The cage is big enough so that he has his bed area (with a towel over the top of the cage so its cosy and confined in one corner where is supposed to sleep) and a puppy pad where he is meant to wee and poo, a long with some water. Now I know most people will suggest that they should not be allowed to wee and poo in their crate but realistically me and my mum both work so it was never really an option to be getting up every hour to let him out and to be honest he doesnt care about where he wees or poos so I dont think it would make much difference anyway! I think if I took the pad away or put him in something smaller he would go absolutely nuts and the poo-massacre would be even worse! Do some dogs just never adapt to the cage? He has been going in it since day one and we have NEVER responded to his crys and I always wait until he is quiet till I go get him. I have always tried to make it a nice place for him to be as well and he has never gone in there as punishment but it doesnt seem to be working. For example, when I put him to bed last night I left him with a treat - that was still un touched this morning so hes obviously that upset he isnt interested in food! Also, I refuse to let him come in my bed so that is not an option.

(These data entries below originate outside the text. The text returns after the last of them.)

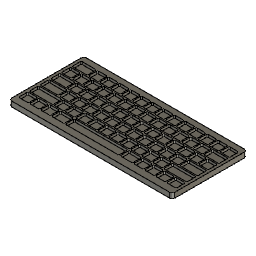
Week 3 HW Keyboard (Autodesk Fusion 360 design; units mm, degrees)
Autodesk Fusion 360 part; units mm, degrees
(part 1 of 2)
sketch "Key outlines" plane through (0, 0, 0) normal (0, 0, 1) x (1, 0, 0)
  spline S0 degree 3 poles (7.7819, -17.5295) (7.6676, -17.5295) (7.5745, -17.4364) (7.5745, -17.3224) knots 0 0 0 0 1 1 1 1
  line L0 (7.5745, -17.3224) -> (7.5745, -15.9198)
  spline S1 degree 3 poles (7.5745, -15.9198) (7.5745, -15.8059) (7.6676, -15.7127) (7.7819, -15.7127) knots 0 0 0 0 1 1 1 1
  line L1 (7.7819, -15.7127) -> (9.2724, -15.7127)
  spline S2 degree 3 poles (9.2724, -15.7127) (9.3864, -15.7127) (9.4795, -15.8059) (9.4795, -15.9198) knots 0 0 0 0 1 1 1 1
  line L2 (9.4795, -15.9198) -> (9.4795, -17.3224)
  spline S3 degree 3 poles (9.4795, -17.3224) (9.4795, -17.4364) (9.3864, -17.5295) (9.2724, -17.5295) knots 0 0 0 0 1 1 1 1
  line L3 (9.2724, -17.5295) -> (7.7819, -17.5295)
  spline S4 degree 3 poles (9.9243, -17.5295) (9.81, -17.5295) (9.7169, -17.4364) (9.7169, -17.3224) knots 0 0 0 0 1 1 1 1
  line L4 (9.7169, -17.3224) -> (9.7169, -15.9198)
  spline S5 degree 3 poles (9.7169, -15.9198) (9.7169, -15.8059) (9.81, -15.7127) (9.9243, -15.7127) knots 0 0 0 0 1 1 1 1
  line L5 (9.9243, -15.7127) -> (11.4148, -15.7127)
  spline S6 degree 3 poles (11.4148, -15.7127) (11.5291, -15.7127) (11.6219, -15.8059) (11.6219, -15.9198) knots 0 0 0 0 1 1 1 1
  line L6 (11.6219, -15.9198) -> (11.6219, -17.3224)
  spline S7 degree 3 poles (11.6219, -17.3224) (11.6219, -17.4364) (11.5291, -17.5295) (11.4148, -17.5295) knots 0 0 0 0 1 1 1 1
  line L7 (11.4148, -17.5295) -> (9.9243, -17.5295)
  spline S8 degree 3 poles (12.0668, -17.5295) (11.9525, -17.5295) (11.8593, -17.4364) (11.8593, -17.3224) knots 0 0 0 0 1 1 1 1
  line L8 (11.8593, -17.3224) -> (11.8593, -15.9198)
  spline S9 degree 3 poles (11.8593, -15.9198) (11.8593, -15.8059) (11.9525, -15.7127) (12.0668, -15.7127) knots 0 0 0 0 1 1 1 1
  line L9 (12.0668, -15.7127) -> (13.5572, -15.7127)
  spline S10 degree 3 poles (13.5572, -15.7127) (13.6716, -15.7127) (13.7643, -15.8059) (13.7643, -15.9198) knots 0 0 0 0 1 1 1 1
  line L10 (13.7643, -15.9198) -> (13.7643, -17.3224)
  spline S11 degree 3 poles (13.7643, -17.3224) (13.7643, -17.4364) (13.6716, -17.5295) (13.5572, -17.5295) knots 0 0 0 0 1 1 1 1
  line L11 (13.5572, -17.5295) -> (12.0668, -17.5295)
  spline S12 degree 3 poles (14.2092, -17.5295) (14.0949, -17.5295) (14.0017, -17.4364) (14.0017, -17.3224) knots 0 0 0 0 1 1 1 1
  line L12 (14.0017, -17.3224) -> (14.0017, -15.9198)
  spline S13 degree 3 poles (14.0017, -15.9198) (14.0017, -15.8059) (14.0949, -15.7127) (14.2092, -15.7127) knots 0 0 0 0 1 1 1 1
  line L13 (14.2092, -15.7127) -> (15.6997, -15.7127)
  spline S14 degree 3 poles (15.6997, -15.7127) (15.814, -15.7127) (15.9067, -15.8059) (15.9067, -15.9198) knots 0 0 0 0 1 1 1 1
  line L14 (15.9067, -15.9198) -> (15.9067, -17.3224)
  spline S15 degree 3 poles (15.9067, -17.3224) (15.9067, -17.4364) (15.814, -17.5295) (15.6997, -17.5295) knots 0 0 0 0 1 1 1 1
  line L15 (15.6997, -17.5295) -> (14.2092, -17.5295)
  spline S16 degree 3 poles (16.3516, -17.5295) (16.2373, -17.5295) (16.1445, -17.4364) (16.1445, -17.3224) knots 0 0 0 0 1 1 1 1
  line L16 (16.1445, -17.3224) -> (16.1445, -15.9198)
  spline S17 degree 3 poles (16.1445, -15.9198) (16.1445, -15.8059) (16.2373, -15.7127) (16.3516, -15.7127) knots 0 0 0 0 1 1 1 1
  line L17 (16.3516, -15.7127) -> (17.8421, -15.7127)
  spline S18 degree 3 poles (17.8421, -15.7127) (17.9564, -15.7127) (18.0492, -15.8059) (18.0492, -15.9198) knots 0 0 0 0 1 1 1 1
  line L18 (18.0492, -15.9198) -> (18.0492, -17.3224)
  spline S19 degree 3 poles (18.0492, -17.3224) (18.0492, -17.4364) (17.9564, -17.5295) (17.8421, -17.5295) knots 0 0 0 0 1 1 1 1
  line L19 (17.8421, -17.5295) -> (16.3516, -17.5295)
  spline S20 degree 3 poles (18.494, -17.5295) (18.3797, -17.5295) (18.2869, -17.4364) (18.2869, -17.3224) knots 0 0 0 0 1 1 1 1
  line L20 (18.2869, -17.3224) -> (18.2869, -15.9198)
  spline S21 degree 3 poles (18.2869, -15.9198) (18.2869, -15.8059) (18.3797, -15.7127) (18.494, -15.7127) knots 0 0 0 0 1 1 1 1
  line L21 (18.494, -15.7127) -> (19.9845, -15.7127)
  spline S22 degree 3 poles (19.9845, -15.7127) (20.0988, -15.7127) (20.1916, -15.8059) (20.1916, -15.9198) knots 0 0 0 0 1 1 1 1
  line L22 (20.1916, -15.9198) -> (20.1916, -17.3224)
  spline S23 degree 3 poles (20.1916, -17.3224) (20.1916, -17.4364) (20.0988, -17.5295) (19.9845, -17.5295) knots 0 0 0 0 1 1 1 1
  line L23 (19.9845, -17.5295) -> (18.494, -17.5295)
  spline S24 degree 3 poles (20.6364, -17.5295) (20.5221, -17.5295) (20.429, -17.4364) (20.429, -17.3224) knots 0 0 0 0 1 1 1 1
  line L24 (20.429, -17.3224) -> (20.429, -15.9198)
  spline S25 degree 3 poles (20.429, -15.9198) (20.429, -15.8059) (20.5221, -15.7127) (20.6364, -15.7127) knots 0 0 0 0 1 1 1 1
  line L25 (20.6364, -15.7127) -> (22.1269, -15.7127)
  spline S26 degree 3 poles (22.1269, -15.7127) (22.2412, -15.7127) (22.3344, -15.8059) (22.3344, -15.9198) knots 0 0 0 0 1 1 1 1
  line L26 (22.3344, -15.9198) -> (22.3344, -17.3224)
  spline S27 degree 3 poles (22.3344, -17.3224) (22.3344, -17.4364) (22.2412, -17.5295) (22.1269, -17.5295) knots 0 0 0 0 1 1 1 1
  line L27 (22.1269, -17.5295) -> (20.6364, -17.5295)
  spline S28 degree 3 poles (22.7789, -17.5295) (22.6646, -17.5295) (22.5714, -17.4364) (22.5714, -17.3224) knots 0 0 0 0 1 1 1 1
  line L28 (22.5714, -17.3224) -> (22.5714, -15.9198)
  spline S29 degree 3 poles (22.5714, -15.9198) (22.5714, -15.8059) (22.6646, -15.7127) (22.7789, -15.7127) knots 0 0 0 0 1 1 1 1
  line L29 (22.7789, -15.7127) -> (24.2693, -15.7127)
  spline S30 degree 3 poles (24.2693, -15.7127) (24.3836, -15.7127) (24.4768, -15.8059) (24.4768, -15.9198) knots 0 0 0 0 1 1 1 1
  line L30 (24.4768, -15.9198) -> (24.4768, -17.3224)
  spline S31 degree 3 poles (24.4768, -17.3224) (24.4768, -17.4364) (24.3836, -17.5295) (24.2693, -17.5295) knots 0 0 0 0 1 1 1 1
  line L31 (24.2693, -17.5295) -> (22.7789, -17.5295)
  spline S32 degree 3 poles (24.9216, -17.5295) (24.807, -17.5295) (24.7142, -17.4364) (24.7142, -17.3224) knots 0 0 0 0 1 1 1 1
  line L32 (24.7142, -17.3224) -> (24.7142, -15.9198)
  spline S33 degree 3 poles (24.7142, -15.9198) (24.7142, -15.8059) (24.807, -15.7127) (24.9216, -15.7127) knots 0 0 0 0 1 1 1 1
  line L33 (24.9216, -15.7127) -> (26.4118, -15.7127)
  spline S34 degree 3 poles (26.4118, -15.7127) (26.5261, -15.7127) (26.6192, -15.8059) (26.6192, -15.9198) knots 0 0 0 0 1 1 1 1
  line L34 (26.6192, -15.9198) -> (26.6192, -17.3224)
  spline S35 degree 3 poles (26.6192, -17.3224) (26.6192, -17.4364) (26.5261, -17.5295) (26.4118, -17.5295) knots 0 0 0 0 1 1 1 1
  line L35 (26.4118, -17.5295) -> (24.9216, -17.5295)
  spline S36 degree 3 poles (27.0641, -17.5295) (26.9498, -17.5295) (26.8566, -17.4364) (26.8566, -17.3224) knots 0 0 0 0 1 1 1 1
  line L36 (26.8566, -17.3224) -> (26.8566, -15.9198)
  spline S37 degree 3 poles (26.8566, -15.9198) (26.8566, -15.8059) (26.9498, -15.7127) (27.0641, -15.7127) knots 0 0 0 0 1 1 1 1
  line L37 (27.0641, -15.7127) -> (28.5542, -15.7127)
  spline S38 degree 3 poles (28.5542, -15.7127) (28.6688, -15.7127) (28.7616, -15.8059) (28.7616, -15.9198) knots 0 0 0 0 1 1 1 1
  line L38 (28.7616, -15.9198) -> (28.7616, -17.3224)
  spline S39 degree 3 poles (28.7616, -17.3224) (28.7616, -17.4364) (28.6688, -17.5295) (28.5542, -17.5295) knots 0 0 0 0 1 1 1 1
  line L39 (28.5542, -17.5295) -> (27.0641, -17.5295)
  spline S40 degree 3 poles (29.2061, -17.5295) (29.0922, -17.5295) (28.999, -17.4364) (28.999, -17.3224) knots 0 0 0 0 1 1 1 1
  line L40 (28.999, -17.3224) -> (28.999, -15.9198)
  spline S41 degree 3 poles (28.999, -15.9198) (28.999, -15.8059) (29.0922, -15.7127) (29.2061, -15.7127) knots 0 0 0 0 1 1 1 1
  line L41 (29.2061, -15.7127) -> (30.697, -15.7127)
  spline S42 degree 3 poles (30.697, -15.7127) (30.8109, -15.7127) (30.904, -15.8059) (30.904, -15.9198) knots 0 0 0 0 1 1 1 1
  line L42 (30.904, -15.9198) -> (30.904, -17.3224)
  spline S43 degree 3 poles (30.904, -17.3224) (30.904, -17.4364) (30.8109, -17.5295) (30.697, -17.5295) knots 0 0 0 0 1 1 1 1
  line L43 (30.697, -17.5295) -> (29.2061, -17.5295)
  spline S44 degree 3 poles (31.3485, -17.5295) (31.2342, -17.5295) (31.1415, -17.4364) (31.1415, -17.3224) knots 0 0 0 0 1 1 1 1
  line L44 (31.1415, -17.3224) -> (31.1415, -15.9198)
  spline S45 degree 3 poles (31.1415, -15.9198) (31.1415, -15.8059) (31.2342, -15.7127) (31.3485, -15.7127) knots 0 0 0 0 1 1 1 1
  line L45 (31.3485, -15.7127) -> (32.8394, -15.7127)
  spline S46 degree 3 poles (32.8394, -15.7127) (32.9533, -15.7127) (33.0465, -15.8059) (33.0465, -15.9198) knots 0 0 0 0 1 1 1 1
  line L46 (33.0465, -15.9198) -> (33.0465, -17.3224)
  spline S47 degree 3 poles (33.0465, -17.3224) (33.0465, -17.4364) (32.9533, -17.5295) (32.8394, -17.5295) knots 0 0 0 0 1 1 1 1
  line L47 (32.8394, -17.5295) -> (31.3485, -17.5295)
  spline S48 degree 3 poles (5.6392, -17.5295) (5.5252, -17.5295) (5.4321, -17.4364) (5.4321, -17.3224) knots 0 0 0 0 1 1 1 1
  line L48 (5.4321, -17.3224) -> (5.4321, -15.9198)
  spline S49 degree 3 poles (5.4321, -15.9198) (5.4321, -15.8059) (5.5252, -15.7127) (5.6392, -15.7127) knots 0 0 0 0 1 1 1 1
  line L49 (5.6392, -15.7127) -> (7.1296, -15.7127)
  spline S50 degree 3 poles (7.1296, -15.7127) (7.2443, -15.7127) (7.3371, -15.8059) (7.3371, -15.9198) knots 0 0 0 0 1 1 1 1
  line L50 (7.3371, -15.9198) -> (7.3371, -17.3224)
  spline S51 degree 3 poles (7.3371, -17.3224) (7.3371, -17.4364) (7.2443, -17.5295) (7.1296, -17.5295) knots 0 0 0 0 1 1 1 1
  line L51 (7.1296, -17.5295) -> (5.6392, -17.5295)
  spline S52 degree 3 poles (2.4208, -17.5295) (2.3068, -17.5295) (2.2137, -17.4364) (2.2137, -17.3224) knots 0 0 0 0 1 1 1 1
  line L52 (2.2137, -17.3224) -> (2.2137, -15.9198)
  spline S53 degree 3 poles (2.2137, -15.9198) (2.2137, -15.8059) (2.3068, -15.7127) (2.4208, -15.7127) knots 0 0 0 0 1 1 1 1
  line L53 (2.4208, -15.7127) -> (4.9876, -15.7127)
  spline S54 degree 3 poles (4.9876, -15.7127) (5.1015, -15.7127) (5.1947, -15.8059) (5.1947, -15.9198) knots 0 0 0 0 1 1 1 1
  line L54 (5.1947, -15.9198) -> (5.1947, -17.3224)
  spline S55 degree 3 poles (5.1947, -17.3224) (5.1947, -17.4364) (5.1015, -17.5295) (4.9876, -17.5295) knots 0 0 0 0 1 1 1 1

The next issue I am having is his potty training - he just seems to be plain right stubborn when it comes to this. Ever since his last injection I have been taking him outside at least every hour - usually every 30 minutes and he knows I want him to do a wee and will usually do one - he gets mad praise for this and a little treat. The only problem is he WILL NOT poo outside, ill stay out there with him for ten minutes and nothing, we come in and he poo's straight away! He also does not hold his bladder at all, he will come in and 15 minutes later do a wee on the floor! Like this morning for example, I took him out and he did a wee - came in and he has done 3 little wees in the space of half an hour. He just seems to go whenever and wherever he feels like it and doesn't hold - he even got on my mum the other day and weed on her! Is this normal for a puppy to wee this much? He also knows hes not supposed to as runs away when he has done it and knows he is in the wrong - I always take him outside straight after. Hes not going back to the same places either, just wherever he is at the time!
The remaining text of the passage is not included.